# Boat Ramp in Holley By The Sea?



## HaoleByTheSea (Oct 24, 2012)

Has anyone actually used this? They certainly advertised it when I went to look at houses in that area, but is there *any* parking? I only have a vague idea where it is, anyone with directions? I searched this website for all the above questions and did not come up with anything, so if this is a repeat, apologies. I just want to know if this thing is really useable....

Thanks!


----------



## dallis (Nov 15, 2011)

*Ramp*

If you have a small trailer. They were redoing the ramp the last time I saw it. I have a 21' Trition Bass Boat and I would be scared of putting in there. However I have not been back since they reworked it. It is off of 399(East Bay Road) if you take a left on 399 from 87 it is probably 2 miles after you cross the small bridge on the right.
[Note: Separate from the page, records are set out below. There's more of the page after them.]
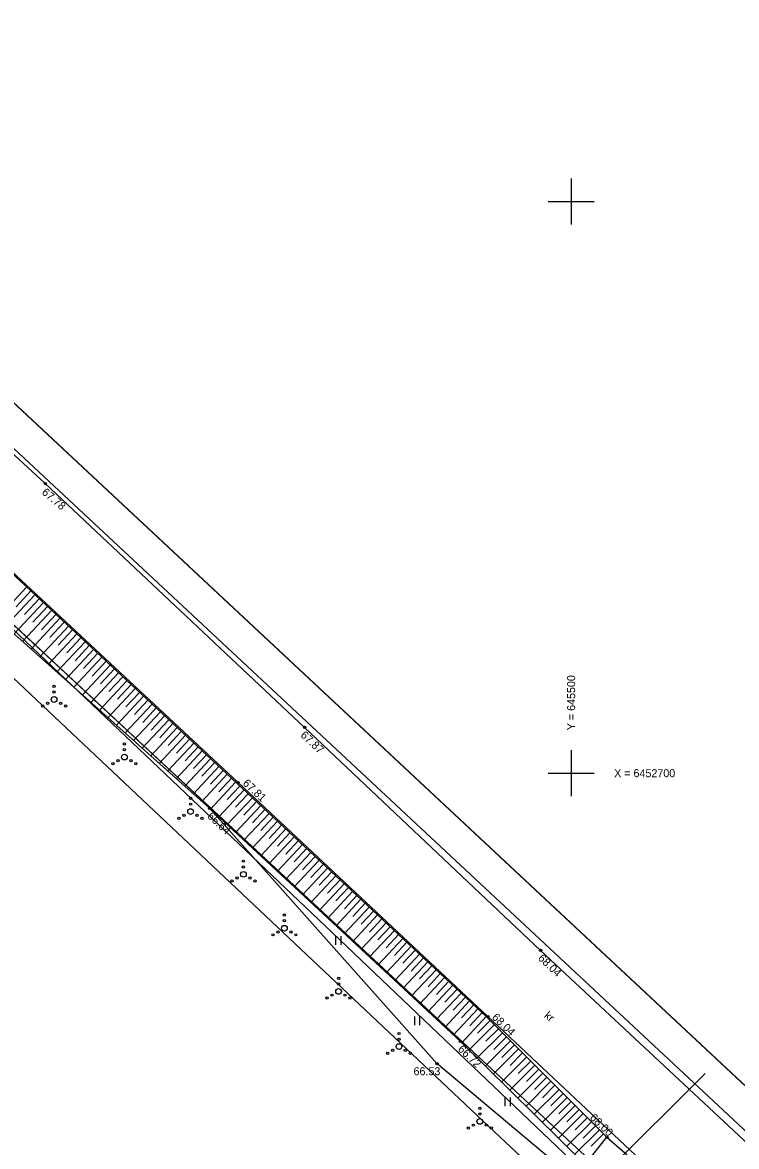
# Model space of a CAD drawing. Extents: x 642412 to 653410, y 6450642 to 6461053.
# Drawn here: x 645452.1 to 645514.5, y 6452667.4 to 6452765.7 of the extents above; entities that cross this region are included whole.
import ezdxf

# ---------------------------------------------------------------- set-up
doc = ezdxf.new("R2010")
doc.units = 0
for name, color, linetype in [('HALJASTUS', 7, 'Continuous'), ('KORGUS', 7, 'Continuous'), ('MOOTPIIR', 7, 'Continuous'), ('PIIR', 7, 'Continuous'), ('RELJEEF', 7, 'Continuous'), ('SITRASS', 7, 'Continuous'), ('TEE', 7, 'Continuous'), ('TRUUP', 7, 'Continuous'), ('VEEKOGU', 7, 'Continuous'), ('VORK', 7, 'Continuous')]:
    doc.layers.add(name, color=color, linetype=linetype)

msp = doc.modelspace()

# ---------------------------------------------------------------- linework, layer by layer
at = {"layer": 'HALJASTUS'}
for p, q in [((645479.409, 6452685.749), (645479.409, 6452684.988)), ((645479.864, 6452685.749), (645479.864, 6452684.988)), ((645486.301, 6452678.729), (645486.301, 6452677.968)), ((645486.756, 6452678.729), (645486.756, 6452677.968)), ((645494.214, 6452671.646), (645494.214, 6452670.885)), ((645494.669, 6452671.646), (645494.669, 6452670.885))]:
    msp.add_line(p, q, dxfattribs=at)
msp.add_lwpolyline([(645500.615, 6452664.223), (645488.269, 6452674.601), (645468.419, 6452696.922)], dxfattribs=at)
for centre, radius in [((645454.812, 6452707.594), 0.1), ((645454.812, 6452707.094), 0.1), ((645453.812, 6452705.869), 0.1), ((645454.247, 6452706.119), 0.1), ((645454.812, 6452706.444), 0.25), ((645455.377, 6452706.119), 0.1), ((645455.812, 6452705.869), 0.1), ((645460.958, 6452702.56), 0.1), ((645460.958, 6452702.06), 0.1), ((645459.958, 6452700.835), 0.1), ((645460.393, 6452701.085), 0.1), ((645460.958, 6452701.41), 0.25), ((645461.523, 6452701.085), 0.1), ((645461.958, 6452700.835), 0.1), ((645466.738, 6452697.789), 0.1), ((645466.738, 6452697.289), 0.1), ((645465.738, 6452696.064), 0.1), ((645466.173, 6452696.314), 0.1), ((645466.738, 6452696.639), 0.25), ((645467.303, 6452696.314), 0.1), ((645467.738, 6452696.064), 0.1), ((645471.361, 6452692.306), 0.1), ((645471.361, 6452691.156), 0.25), ((645471.361, 6452691.806), 0.1), ((645470.361, 6452690.581), 0.1), ((645470.796, 6452690.831), 0.1), ((645471.926, 6452690.831), 0.1), ((645472.361, 6452690.581), 0.1), ((645474.94, 6452687.59), 0.1), ((645474.94, 6452687.09), 0.1), ((645474.375, 6452686.115), 0.1), ((645474.94, 6452686.44), 0.25), ((645475.505, 6452686.115), 0.1), ((645473.94, 6452685.865), 0.1), ((645475.94, 6452685.865), 0.1), ((645479.672, 6452682.06), 0.1), ((645479.672, 6452681.56), 0.1), ((645478.672, 6452680.335), 0.1), ((645479.107, 6452680.585), 0.1), ((645479.672, 6452680.91), 0.25), ((645480.237, 6452680.585), 0.1), ((645480.672, 6452680.335), 0.1), ((645484.956, 6452677.236), 0.1), ((645484.956, 6452676.086), 0.25), ((645484.956, 6452676.736), 0.1), ((645483.956, 6452675.511), 0.1), ((645484.391, 6452675.761), 0.1), ((645485.521, 6452675.761), 0.1), ((645485.956, 6452675.511), 0.1), ((645492.022, 6452670.692), 0.1), ((645492.022, 6452669.542), 0.25), ((645492.022, 6452670.192), 0.1), ((645491.022, 6452668.967), 0.1), ((645491.457, 6452669.217), 0.1), ((645492.587, 6452669.217), 0.1), ((645493.022, 6452668.967), 0.1)]:
    msp.add_circle(centre, radius, dxfattribs=at)
at = {"layer": 'KORGUS'}
for centre in [(645454.037, 6452725.333), (645476.708, 6452704.006), (645470.895, 6452699.174), (645468.419, 6452696.922), (645497.33, 6452684.505), (645492.733, 6452678.722), (645490.323, 6452676.546), (645488.269, 6452674.601), (645503.129, 6452668.159)]:
    msp.add_circle(centre, 0.1, dxfattribs=at)
at = {"layer": 'MOOTPIIR'}
msp.add_lwpolyline([(645175.12, 6452979.733), (645215.396, 6452948.862), (645224.498, 6452940.443), (645336.112, 6452835.352), (645402.329, 6452774.103), (645515.043, 6452668.899), (645681.61, 6452514.013), (645857.924, 6452347.787), (645876.659, 6452330.341), (645867.708, 6452315.93), (645834.789, 6452345.056), (645703.417, 6452471.574), (645679.903, 6452497.06), (645639.854, 6452534.227), (645600.412, 6452566.235), (645546.103, 6452619.027), (645493.312, 6452668.633), (645418.372, 6452739.326), (645374.682, 6452776.341), (645348.286, 6452798.034), (645318.401, 6452828.526), (645214.486, 6452924.097), (645209.632, 6452934.716), (645158.964, 6452971.882)], dxfattribs=at)
at = {"layer": 'PIIR'}
for points in [[(646141.4, 6452772), (645715.16, 6453206.14), (645713.18, 6453208.48), (645508.05, 6453037.77), (645504.78, 6453035.05), (645293.36, 6452879.94), (645651.49, 6452545.32), (645695.18, 6452592.86), (645654.1, 6452655.84), (645692.66, 6452654.71), (645692.76, 6452658.05), (645933.02, 6452843.52), (646028.21, 6452757.47), (646049.94, 6452799.05), (646126.72, 6452752.1)], [(645207.54, 6452939.51), (645158.53, 6452778.74), (644726.16, 6452435.57), (644703.46, 6452383.67), (644892.01, 6452335.32), (645287.07, 6452229.02), (645423.08, 6452192.15), (645428.22, 6452187.3), (645453.18, 6452332.84), (645446.21, 6452344.07), (645175.21, 6452418.6), (645266.14, 6452485.5), (645502.65, 6452665.22), (645500.06, 6452667.61)]]:
    msp.add_lwpolyline(points, close=True, dxfattribs=at)
for points in [[(645581.07, 6451723.47), (645591.99, 6451757.23), (645601.6, 6451784.63), (645619.69, 6451833.38), (645822.94, 6452247.19), (645865.03, 6452315.33), (645878.05, 6452340.29), (645864.42, 6452343.85), (645852.44, 6452357.63), (645819.91, 6452389.87), (645722.36, 6452480.63), (645651.49, 6452545.32), (645293.36, 6452879.94), (645216.08, 6452950.64), (645214.57, 6452948.04)], [(645207.54, 6452939.51), (645500.07, 6452667.62), (645502.65, 6452665.22), (645642.09, 6452534.94), (645712.88, 6452470.33), (645810.21, 6452379.77), (645842.24, 6452348.03), (645853.79, 6452334.75), (645853.17, 6452322.76), (645811.45, 6452255.22), (645607.73, 6451839.12), (645592.62, 6451801.15), (645567.88, 6451728.38)]]:
    msp.add_lwpolyline(points, dxfattribs=at)
at = {"layer": 'RELJEEF'}
for p, q in [((645449.826, 6452713.515), (645452.403, 6452716.277)), ((645451.484, 6452714.559), (645452.769, 6452715.936)), ((645450.572, 6452712.849), (645453.134, 6452715.595)), ((645451.318, 6452712.183), (645453.865, 6452714.913)), ((645452.222, 6452713.885), (645453.5, 6452715.254)), ((645452.064, 6452711.517), (645454.596, 6452714.231)), ((645452.961, 6452713.211), (645454.231, 6452714.572)), ((645453.7, 6452712.537), (645454.962, 6452713.889)), ((645452.811, 6452710.851), (645455.328, 6452713.548)), ((645453.557, 6452710.185), (645456.059, 6452712.866)), ((645454.438, 6452711.863), (645455.693, 6452713.207)), ((645454.303, 6452709.519), (645456.79, 6452712.184)), ((645455.177, 6452711.189), (645456.424, 6452712.525)), ((645455.916, 6452710.514), (645457.155, 6452711.843)), ((645455.05, 6452708.853), (645457.521, 6452711.502)), ((645455.796, 6452708.187), (645458.252, 6452710.819)), ((645456.655, 6452709.84), (645457.886, 6452711.16)), ((645456.542, 6452707.521), (645458.983, 6452710.137)), ((645457.393, 6452709.166), (645458.618, 6452710.478)), ((645458.132, 6452708.492), (645459.349, 6452709.796)), ((645457.288, 6452706.855), (645459.714, 6452709.455)), ((645458.035, 6452706.189), (645460.445, 6452708.772)), ((645458.871, 6452707.818), (645460.08, 6452709.114)), ((645458.781, 6452705.523), (645461.176, 6452708.09)), ((645459.609, 6452707.144), (645460.811, 6452708.431)), ((645460.348, 6452706.47), (645461.542, 6452707.749)), ((645459.527, 6452704.857), (645461.908, 6452707.408)), ((645461.087, 6452705.796), (645462.273, 6452707.067)), ((645460.274, 6452704.191), (645462.639, 6452706.726)), ((645461.02, 6452703.525), (645463.37, 6452706.043)), ((645461.825, 6452705.121), (645463.004, 6452706.385)), ((645461.766, 6452702.859), (645464.101, 6452705.361)), ((645462.564, 6452704.447), (645463.735, 6452705.702)), ((645463.303, 6452703.773), (645464.466, 6452705.02)), ((645462.512, 6452702.193), (645464.832, 6452704.679)), ((645463.259, 6452701.527), (645465.563, 6452703.997)), ((645464.041, 6452703.099), (645465.197, 6452704.338)), ((645464.005, 6452700.861), (645466.294, 6452703.314)), ((645464.78, 6452702.425), (645465.929, 6452703.656)), ((645465.519, 6452701.751), (645466.66, 6452702.973)), ((645464.751, 6452700.195), (645467.025, 6452702.632)), ((645465.497, 6452699.529), (645467.756, 6452701.95)), ((645466.258, 6452701.077), (645467.391, 6452702.291)), ((645466.244, 6452698.863), (645468.487, 6452701.268)), ((645466.996, 6452700.402), (645468.122, 6452701.609)), ((645467.735, 6452699.728), (645468.853, 6452700.926)), ((645466.99, 6452698.197), (645469.219, 6452700.585)), ((645467.736, 6452697.531), (645469.95, 6452699.903)), ((645468.474, 6452699.054), (645469.584, 6452700.244)), ((645468.481, 6452696.864), (645470.681, 6452699.221)), ((645469.212, 6452698.38), (645470.315, 6452699.562)), ((645469.21, 6452696.187), (645471.411, 6452698.538)), ((645469.945, 6452697.703), (645471.046, 6452698.879)), ((645470.676, 6452697.021), (645471.776, 6452698.196)), ((645469.942, 6452695.505), (645472.141, 6452697.854)), ((645470.674, 6452694.824), (645472.871, 6452697.171)), ((645471.407, 6452696.339), (645472.506, 6452697.512)), ((645471.406, 6452694.143), (645473.601, 6452696.487)), ((645472.138, 6452695.656), (645473.236, 6452696.829)), ((645472.869, 6452694.974), (645473.966, 6452696.145)), ((645472.138, 6452693.462), (645474.331, 6452695.804)), ((645472.871, 6452692.781), (645475.061, 6452695.12)), ((645473.6, 6452694.292), (645474.696, 6452695.462)), ((645473.603, 6452692.1), (645475.791, 6452694.437)), ((645474.331, 6452693.609), (645475.426, 6452694.778)), ((645475.062, 6452692.927), (645476.156, 6452694.095)), ((645474.335, 6452691.419), (645476.521, 6452693.753)), ((645475.067, 6452690.738), (645477.251, 6452693.07)), ((645475.793, 6452692.245), (645476.886, 6452693.411)), ((645475.799, 6452690.057), (645477.981, 6452692.386)), ((645476.524, 6452691.562), (645477.616, 6452692.728)), ((645477.256, 6452690.88), (645478.346, 6452692.044)), ((645476.532, 6452689.375), (645478.711, 6452691.703)), ((645477.987, 6452690.198), (645479.076, 6452691.361)), ((645477.264, 6452688.694), (645479.441, 6452691.019)), ((645477.996, 6452688.013), (645480.171, 6452690.336)), ((645478.718, 6452689.516), (645479.806, 6452690.677)), ((645478.728, 6452687.332), (645480.9, 6452689.652)), ((645479.449, 6452688.833), (645480.536, 6452689.994)), ((645480.18, 6452688.151), (645481.265, 6452689.31)), ((645479.46, 6452686.651), (645481.63, 6452688.969)), ((645480.192, 6452685.97), (645482.36, 6452688.285)), ((645480.911, 6452687.469), (645481.995, 6452688.627)), ((645480.925, 6452685.289), (645483.09, 6452687.602)), ((645481.642, 6452686.786), (645482.725, 6452687.944)), ((645482.373, 6452686.104), (645483.455, 6452687.26)), ((645481.657, 6452684.608), (645483.82, 6452686.918)), ((645482.389, 6452683.927), (645484.55, 6452686.235)), ((645483.104, 6452685.422), (645484.185, 6452686.577)), ((645483.121, 6452683.245), (645485.28, 6452685.551)), ((645483.835, 6452684.74), (645484.915, 6452685.893)), ((645484.566, 6452684.057), (645485.645, 6452685.21)), ((645483.853, 6452682.564), (645486.01, 6452684.868)), ((645484.586, 6452681.883), (645486.74, 6452684.184)), ((645485.297, 6452683.375), (645486.375, 6452684.526)), ((645485.318, 6452681.202), (645487.47, 6452683.501)), ((645486.028, 6452682.693), (645487.105, 6452683.843)), ((645486.05, 6452680.521), (645488.2, 6452682.817)), ((645486.76, 6452682.01), (645487.835, 6452683.159)), ((645487.491, 6452681.328), (645488.565, 6452682.476)), ((645486.782, 6452679.84), (645488.93, 6452682.134)), ((645487.514, 6452679.159), (645489.66, 6452681.45)), ((645488.222, 6452680.646), (645489.295, 6452681.792)), ((645488.247, 6452678.478), (645490.39, 6452680.767)), ((645488.953, 6452679.963), (645490.025, 6452681.109)), ((645489.684, 6452679.281), (645490.755, 6452680.425)), ((645488.979, 6452677.797), (645491.12, 6452680.083)), ((645489.711, 6452677.115), (645491.85, 6452679.4)), ((645490.415, 6452678.599), (645491.485, 6452679.742)), ((645490.44, 6452676.431), (645492.58, 6452678.716)), ((645491.146, 6452677.917), (645492.215, 6452679.058)), ((645491.828, 6452677.259), (645492.935, 6452678.365)), ((645491.077, 6452675.802), (645493.289, 6452678.011)), ((645491.789, 6452675.1), (645493.995, 6452677.303)), ((645492.537, 6452676.554), (645493.642, 6452677.657)), ((645492.501, 6452674.397), (645494.702, 6452676.596)), ((645493.247, 6452675.849), (645494.349, 6452676.95)), ((645493.213, 6452673.695), (645495.409, 6452675.888)), ((645493.956, 6452675.144), (645495.055, 6452676.242)), ((645494.665, 6452674.439), (645495.762, 6452675.535)), ((645493.924, 6452672.992), (645496.115, 6452675.181)), ((645494.636, 6452672.29), (645496.822, 6452674.473)), ((645495.374, 6452673.734), (645496.469, 6452674.827)), ((645495.348, 6452671.588), (645497.529, 6452673.766)), ((645496.084, 6452673.029), (645497.175, 6452674.12)), ((645496.793, 6452672.324), (645497.882, 6452673.412)), ((645496.06, 6452670.885), (645498.235, 6452673.058)), ((645496.772, 6452670.183), (645498.942, 6452672.351)), ((645497.502, 6452671.619), (645498.589, 6452672.705)), ((645497.484, 6452669.481), (645499.649, 6452671.643)), ((645498.212, 6452670.914), (645499.295, 6452671.997)), ((645498.195, 6452668.778), (645500.355, 6452670.936)), ((645498.921, 6452670.209), (645500.002, 6452671.29)), ((645499.63, 6452669.504), (645500.709, 6452670.582)), ((645498.907, 6452668.076), (645501.062, 6452670.228)), ((645499.619, 6452667.373), (645501.769, 6452669.521)), ((645500.339, 6452668.8), (645501.416, 6452669.874)), ((645500.331, 6452666.671), (645502.476, 6452668.813)), ((645501.049, 6452668.095), (645502.122, 6452669.167)), ((645501.758, 6452667.39), (645502.829, 6452668.459))]:
    msp.add_line(p, q, dxfattribs=at)
for points in [[(645503.129, 6452668.159), (645492.641, 6452678.66), (645470.81, 6452699.1), (645447.941, 6452720.442), (645422.488, 6452744.288), (645407.105, 6452758.464), (645397.699, 6452767.016)], [(645501.237, 6452665.777), (645490.323, 6452676.546), (645468.419, 6452696.922), (645444.862, 6452717.945), (645420.001, 6452742.516), (645404.969, 6452756.605), (645396.541, 6452766.671)]]:
    msp.add_lwpolyline(points, dxfattribs=at)
at = {"layer": 'SITRASS'}
msp.add_lwpolyline([(645390.913, 6452765.418), (645406.647, 6452753.873), (645422.218, 6452738.946), (645442.378, 6452720.954), (645478.532, 6452686.626), (645499.987, 6452666.176), (645508.728, 6452656.499), (645517.552, 6452649.476), (645537.322, 6452630.532), (645595.921, 6452574.12), (645625.067, 6452547.374), (645645.916, 6452531.263), (645651.892, 6452526.134), (645657.624, 6452522.048), (645668.555, 6452511.764), (645677.126, 6452502.945), (645690.415, 6452489.746), (645697.189, 6452481.082), (645704.481, 6452472.792)], dxfattribs=at)
at = {"layer": 'TEE'}
for points in [[(645737.697, 6452460.874), (645709.992, 6452486.755), (645692.251, 6452503.064), (645673.091, 6452521.081), (645655.203, 6452537.515), (645638.276, 6452553.033), (645617.757, 6452572.399), (645604.851, 6452584.389), (645582.452, 6452604.965), (645563.631, 6452622.348), (645545.768, 6452639.074), (645530.215, 6452653.791), (645497.33, 6452684.505), (645476.708, 6452704.006), (645454.037, 6452725.333), (645429.114, 6452748.334), (645412.053, 6452764.124), (645383.691, 6452790.203), (645372.348, 6452800.718), (645372.885, 6452803.784)], [(645397.803, 6452767.078), (645407.191, 6452758.519), (645422.576, 6452744.346), (645448.04, 6452720.488), (645470.895, 6452699.174), (645492.733, 6452678.722), (645509.947, 6452662.535), (645509.592, 6452659.761), (645506.402, 6452657.075), (645502.757, 6452653.927)]]:
    msp.add_lwpolyline(points, dxfattribs=at)
at = {"layer": 'TRUUP'}
msp.add_line((645502.481, 6452664.533), (645511.724, 6452673.738), dxfattribs=at)
at = {"layer": 'VEEKOGU'}
msp.add_lwpolyline([(645498.599, 6452662.676), (645500.615, 6452664.223), (645501.237, 6452665.777), (645503.129, 6452668.159), (645504.686, 6452666.786), (645505.836, 6452665.472), (645503.814, 6452663.509), (645500.045, 6452659.113)], dxfattribs=at)
at = {"layer": 'VORK'}
for p, q in [((645500, 6452752), (645500, 6452748)), ((645498, 6452750), (645502, 6452750)), ((645500, 6452702), (645500, 6452698)), ((645498, 6452700), (645502, 6452700))]:
    msp.add_line(p, q, dxfattribs=at)

# ---------------------------------------------------------------- texts
at = {"layer": 'KORGUS'}
for s, rotation, p in [('67.78', 319.74557, (645453.678, 6452724.472)), ('67.87', 316.7583, (645476.288, 6452703.256)), ('67.81', 316.7583, (645471.244, 6452699.047)), ('66.64', 316.7583, (645468.145, 6452696.172)), ('68.04', 316.1157, (645497.053, 6452683.758)), ('68.04', 316.1157, (645493.019, 6452678.583)), ('66.72', 316.1157, (645490.046, 6452675.799)), ('68.00', 316.02915, (645501.576, 6452669.802))]:
    msp.add_text(s, height=0.7, rotation=rotation, dxfattribs=at).set_placement(p)
msp.add_text('66.53', height=0.7, dxfattribs=at).set_placement((645486.227, 6452673.584))
at = {"layer": 'TEE'}
msp.add_text('kr', height=0.7, rotation=319.9726, dxfattribs=at).set_placement((645497.586, 6452678.702))
at = {"layer": 'VORK'}
msp.add_text(' Y = 645500', height=0.7, rotation=90, dxfattribs=at).set_placement((645500.35, 6452703.5))
msp.add_text(' X = 6452700', height=0.7, dxfattribs=at).set_placement((645503.5, 6452699.65))

doc.saveas('drawing.dxf')

There are some nice houses just before it on the right. It looks like shallow water around there.


----------



## Hydro Therapy 2 (Sep 11, 2008)

HaoleByTheSea said:


> Has anyone actually used this? They certainly advertised it when I went to look at houses in that area, but is there *any* parking? I only have a vague idea where it is, anyone with directions? I searched this website for all the above questions and did not come up with anything, so if this is a repeat, apologies. I just want to know if this thing is really useable....
> 
> Thanks!


X2!


----------



## sosmarine (Sep 28, 2007)

The HBTS ramp is just west of where Edgewood intersects 399. You will need to go to the Rec. center to get the combo to the gate. (At least that's the way it use to work.) I have not been to the ramp since the work was done, but I dont think it is anymore usable than before. The big drawback is the water depth. During the winter the water is only about a foot deep on a good day. Summer time it might be two feet. If you have a canoe, kayak or small john boat, you cane launch, but you may still have to drag it out to deeper water in order to actually float it. The "improvements" were the result of pressure from the "HBTS Fishing Club". Not sure how much money was spent.


----------



## HaoleByTheSea (Oct 24, 2012)

I plan on checking this out this weekend. My boat is 23' and probably needs a bit more than a foot, that would make me nervous in that shallow a depth. Thanks sos for the directions, I do want to check it out.


----------



## sosmarine (Sep 28, 2007)

very unlikely you will be able to launch your 23' there. Give us a report if you get down there.


----------



## Ryan.davis-era realestate (Apr 8, 2020)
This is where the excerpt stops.